[[ AVAILABLE DATA open ]]
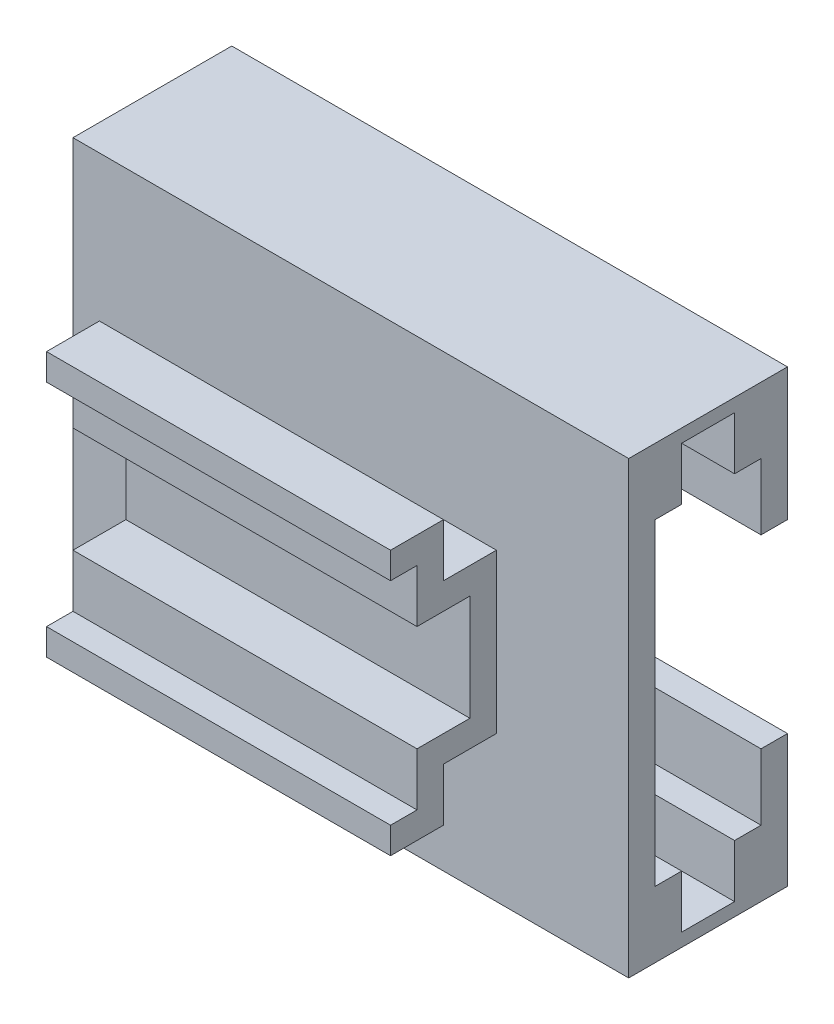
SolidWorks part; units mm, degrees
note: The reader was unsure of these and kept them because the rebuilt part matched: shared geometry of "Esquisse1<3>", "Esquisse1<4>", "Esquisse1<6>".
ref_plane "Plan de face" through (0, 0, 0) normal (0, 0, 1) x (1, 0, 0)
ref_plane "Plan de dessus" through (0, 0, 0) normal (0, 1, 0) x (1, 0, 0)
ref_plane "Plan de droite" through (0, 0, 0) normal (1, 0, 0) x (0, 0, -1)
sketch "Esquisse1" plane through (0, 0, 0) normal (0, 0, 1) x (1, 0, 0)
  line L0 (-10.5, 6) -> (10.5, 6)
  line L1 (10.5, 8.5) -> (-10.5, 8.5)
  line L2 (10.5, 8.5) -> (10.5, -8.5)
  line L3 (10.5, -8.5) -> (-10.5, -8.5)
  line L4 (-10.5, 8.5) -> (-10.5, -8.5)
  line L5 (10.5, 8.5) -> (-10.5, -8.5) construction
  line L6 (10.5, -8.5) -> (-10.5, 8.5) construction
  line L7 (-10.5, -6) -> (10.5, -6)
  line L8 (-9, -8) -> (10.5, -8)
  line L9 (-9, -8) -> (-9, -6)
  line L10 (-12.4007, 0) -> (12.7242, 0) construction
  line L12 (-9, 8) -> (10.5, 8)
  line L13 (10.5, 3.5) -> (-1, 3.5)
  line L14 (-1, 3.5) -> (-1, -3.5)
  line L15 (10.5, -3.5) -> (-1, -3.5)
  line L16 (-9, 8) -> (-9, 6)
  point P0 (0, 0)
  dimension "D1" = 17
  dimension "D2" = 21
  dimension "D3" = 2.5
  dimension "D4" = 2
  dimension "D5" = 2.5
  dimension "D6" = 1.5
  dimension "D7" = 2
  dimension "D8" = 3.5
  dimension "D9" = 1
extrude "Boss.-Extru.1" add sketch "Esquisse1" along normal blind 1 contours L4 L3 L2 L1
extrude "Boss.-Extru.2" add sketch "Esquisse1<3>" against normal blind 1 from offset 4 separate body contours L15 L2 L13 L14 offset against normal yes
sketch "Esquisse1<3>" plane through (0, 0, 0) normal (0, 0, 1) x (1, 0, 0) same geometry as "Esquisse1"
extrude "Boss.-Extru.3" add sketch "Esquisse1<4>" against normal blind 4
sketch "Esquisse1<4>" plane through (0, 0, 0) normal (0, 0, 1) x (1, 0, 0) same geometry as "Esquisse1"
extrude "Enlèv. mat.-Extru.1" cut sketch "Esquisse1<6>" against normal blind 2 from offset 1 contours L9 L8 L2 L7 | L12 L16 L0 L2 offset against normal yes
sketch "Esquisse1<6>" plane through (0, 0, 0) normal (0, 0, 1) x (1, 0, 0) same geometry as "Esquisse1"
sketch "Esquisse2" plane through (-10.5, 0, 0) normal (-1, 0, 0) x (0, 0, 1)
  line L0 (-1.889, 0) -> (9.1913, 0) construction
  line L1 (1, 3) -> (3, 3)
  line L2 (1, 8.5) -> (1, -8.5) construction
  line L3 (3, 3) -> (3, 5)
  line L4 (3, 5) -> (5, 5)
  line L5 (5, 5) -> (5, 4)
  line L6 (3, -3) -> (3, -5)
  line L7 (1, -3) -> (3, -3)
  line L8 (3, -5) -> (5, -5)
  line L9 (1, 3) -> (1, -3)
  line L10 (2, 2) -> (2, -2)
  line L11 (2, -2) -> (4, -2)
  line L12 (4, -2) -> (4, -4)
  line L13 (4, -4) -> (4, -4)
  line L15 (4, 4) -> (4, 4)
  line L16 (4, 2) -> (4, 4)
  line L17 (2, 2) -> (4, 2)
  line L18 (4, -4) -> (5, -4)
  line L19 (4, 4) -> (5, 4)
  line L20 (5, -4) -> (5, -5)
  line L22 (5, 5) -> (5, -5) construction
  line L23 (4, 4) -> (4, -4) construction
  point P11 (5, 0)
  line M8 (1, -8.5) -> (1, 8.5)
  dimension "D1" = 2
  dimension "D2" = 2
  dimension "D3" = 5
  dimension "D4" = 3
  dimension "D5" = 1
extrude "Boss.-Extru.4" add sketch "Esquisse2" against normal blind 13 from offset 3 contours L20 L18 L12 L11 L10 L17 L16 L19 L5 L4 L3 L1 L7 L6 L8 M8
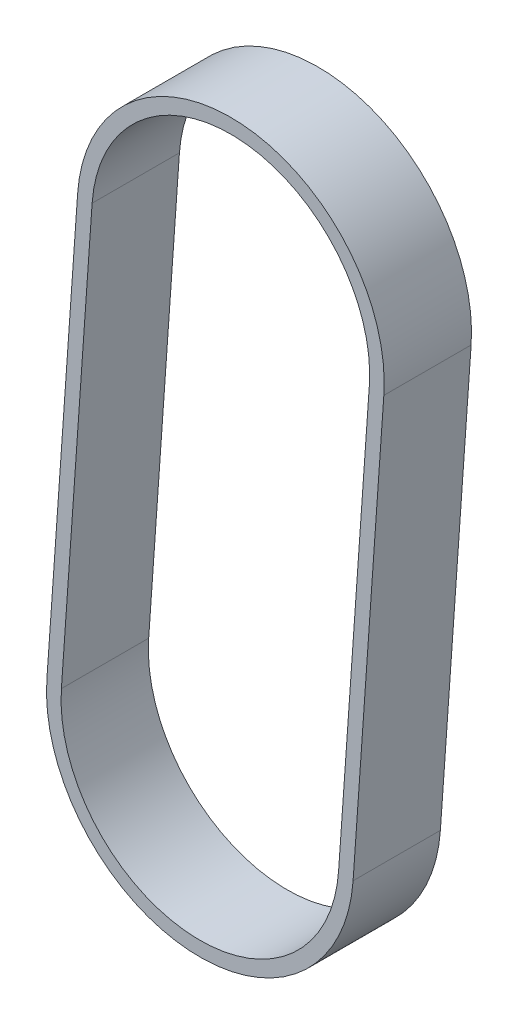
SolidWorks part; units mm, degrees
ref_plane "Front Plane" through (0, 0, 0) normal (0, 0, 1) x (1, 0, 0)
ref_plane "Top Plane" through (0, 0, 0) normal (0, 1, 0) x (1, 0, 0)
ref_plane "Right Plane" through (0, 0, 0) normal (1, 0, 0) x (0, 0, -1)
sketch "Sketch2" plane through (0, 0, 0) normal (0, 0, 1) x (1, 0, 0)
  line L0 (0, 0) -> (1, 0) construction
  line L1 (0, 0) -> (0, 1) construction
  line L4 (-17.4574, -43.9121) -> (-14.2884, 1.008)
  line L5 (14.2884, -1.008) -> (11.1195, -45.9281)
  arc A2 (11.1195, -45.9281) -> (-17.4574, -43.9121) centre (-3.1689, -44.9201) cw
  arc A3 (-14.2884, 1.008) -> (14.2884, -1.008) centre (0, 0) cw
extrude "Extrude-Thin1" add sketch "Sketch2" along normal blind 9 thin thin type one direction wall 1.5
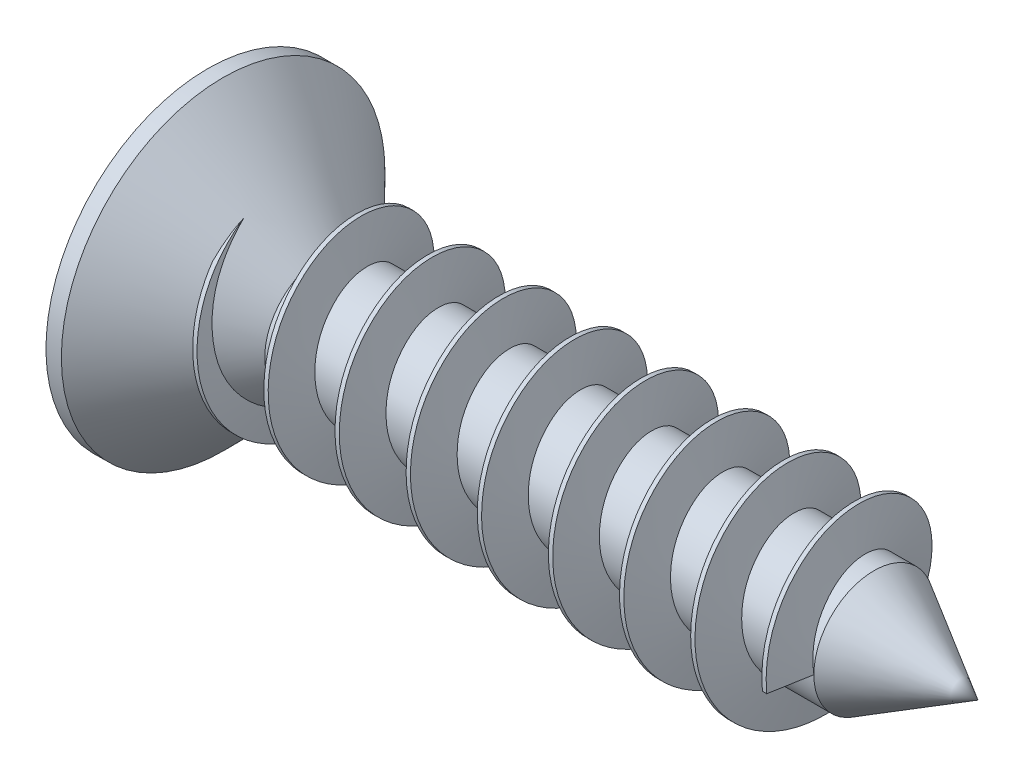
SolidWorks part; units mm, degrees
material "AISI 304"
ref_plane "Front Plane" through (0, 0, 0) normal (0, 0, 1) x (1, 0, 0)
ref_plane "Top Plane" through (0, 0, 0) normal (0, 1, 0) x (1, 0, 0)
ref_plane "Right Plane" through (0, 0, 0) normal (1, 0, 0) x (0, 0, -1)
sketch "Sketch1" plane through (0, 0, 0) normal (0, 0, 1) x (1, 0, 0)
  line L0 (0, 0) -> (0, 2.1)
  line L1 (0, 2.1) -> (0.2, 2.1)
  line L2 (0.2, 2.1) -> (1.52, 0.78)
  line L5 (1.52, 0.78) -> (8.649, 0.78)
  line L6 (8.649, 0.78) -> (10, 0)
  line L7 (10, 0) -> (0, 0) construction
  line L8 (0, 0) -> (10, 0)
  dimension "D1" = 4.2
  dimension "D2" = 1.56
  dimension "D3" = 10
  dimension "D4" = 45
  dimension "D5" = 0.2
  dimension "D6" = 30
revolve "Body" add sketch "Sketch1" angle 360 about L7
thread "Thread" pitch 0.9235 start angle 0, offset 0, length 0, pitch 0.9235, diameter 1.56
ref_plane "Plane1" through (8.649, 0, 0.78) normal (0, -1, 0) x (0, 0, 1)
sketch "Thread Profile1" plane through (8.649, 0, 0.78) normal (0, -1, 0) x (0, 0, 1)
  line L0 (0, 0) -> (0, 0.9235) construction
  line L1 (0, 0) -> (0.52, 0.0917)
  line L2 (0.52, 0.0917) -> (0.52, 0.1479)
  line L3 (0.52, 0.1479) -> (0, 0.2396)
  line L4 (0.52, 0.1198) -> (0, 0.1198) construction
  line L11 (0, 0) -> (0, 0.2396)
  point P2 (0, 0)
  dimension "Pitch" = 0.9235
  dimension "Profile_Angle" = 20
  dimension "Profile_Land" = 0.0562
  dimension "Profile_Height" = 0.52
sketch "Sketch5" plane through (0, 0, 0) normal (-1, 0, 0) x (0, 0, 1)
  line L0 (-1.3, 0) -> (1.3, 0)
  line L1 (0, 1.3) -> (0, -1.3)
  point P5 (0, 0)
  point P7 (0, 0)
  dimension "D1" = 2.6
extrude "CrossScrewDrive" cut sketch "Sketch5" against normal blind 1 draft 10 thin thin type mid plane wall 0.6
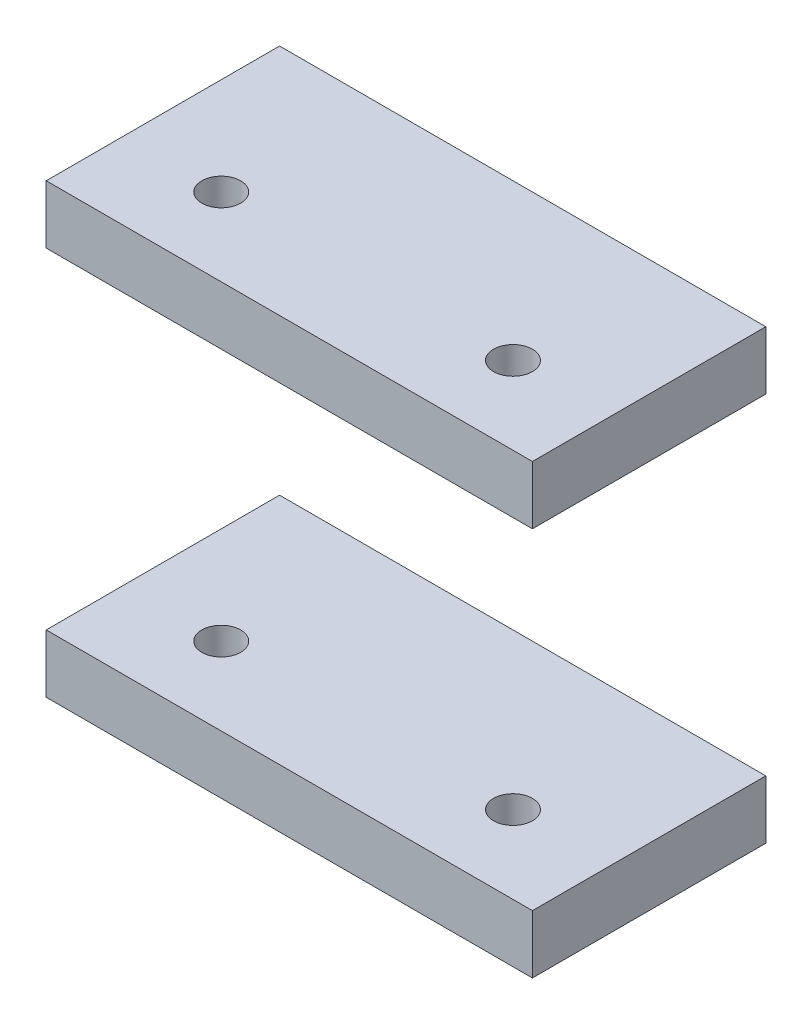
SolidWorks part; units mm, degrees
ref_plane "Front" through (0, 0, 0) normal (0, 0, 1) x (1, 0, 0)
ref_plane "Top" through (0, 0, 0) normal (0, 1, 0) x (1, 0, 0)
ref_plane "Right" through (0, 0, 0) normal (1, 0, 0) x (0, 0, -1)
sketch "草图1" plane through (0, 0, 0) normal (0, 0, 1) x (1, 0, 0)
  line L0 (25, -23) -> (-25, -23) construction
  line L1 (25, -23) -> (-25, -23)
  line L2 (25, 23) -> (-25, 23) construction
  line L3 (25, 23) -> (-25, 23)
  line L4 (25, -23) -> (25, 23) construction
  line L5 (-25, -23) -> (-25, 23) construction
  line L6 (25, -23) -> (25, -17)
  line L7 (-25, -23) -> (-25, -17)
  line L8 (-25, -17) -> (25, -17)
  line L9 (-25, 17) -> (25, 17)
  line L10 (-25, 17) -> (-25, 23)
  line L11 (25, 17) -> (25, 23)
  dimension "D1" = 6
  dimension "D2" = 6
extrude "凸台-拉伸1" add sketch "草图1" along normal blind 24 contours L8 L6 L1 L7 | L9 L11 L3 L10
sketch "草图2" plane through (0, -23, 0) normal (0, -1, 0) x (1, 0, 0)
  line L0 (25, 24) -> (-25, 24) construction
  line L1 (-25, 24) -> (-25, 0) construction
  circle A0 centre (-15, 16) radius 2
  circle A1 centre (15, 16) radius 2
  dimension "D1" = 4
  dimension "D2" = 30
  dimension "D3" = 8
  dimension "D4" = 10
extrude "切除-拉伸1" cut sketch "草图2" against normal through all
[[ AVAILABLE DATA closed ]]
TASK GOAL
Please repeat exactly the data above from its first line to the line that contains "line L12 (-9, 8) -> (10.5, 8)", inclusive, and leave every picture out.

EXPECTED ANSWER
SolidWorks part; units mm, degrees
note: The reader was unsure of these and kept them because the rebuilt part matched: shared geometry of "Esquisse1<3>", "Esquisse1<4>", "Esquisse1<6>".
ref_plane "Plan de face" through (0, 0, 0) normal (0, 0, 1) x (1, 0, 0)
ref_plane "Plan de dessus" through (0, 0, 0) normal (0, 1, 0) x (1, 0, 0)
ref_plane "Plan de droite" through (0, 0, 0) normal (1, 0, 0) x (0, 0, -1)
sketch "Esquisse1" plane through (0, 0, 0) normal (0, 0, 1) x (1, 0, 0)
  line L0 (-10.5, 6) -> (10.5, 6)
  line L1 (10.5, 8.5) -> (-10.5, 8.5)
  line L2 (10.5, 8.5) -> (10.5, -8.5)
  line L3 (10.5, -8.5) -> (-10.5, -8.5)
  line L4 (-10.5, 8.5) -> (-10.5, -8.5)
  line L5 (10.5, 8.5) -> (-10.5, -8.5) construction
  line L6 (10.5, -8.5) -> (-10.5, 8.5) construction
  line L7 (-10.5, -6) -> (10.5, -6)
  line L8 (-9, -8) -> (10.5, -8)
  line L9 (-9, -8) -> (-9, -6)
  line L10 (-12.4007, 0) -> (12.7242, 0) construction
  line L12 (-9, 8) -> (10.5, 8)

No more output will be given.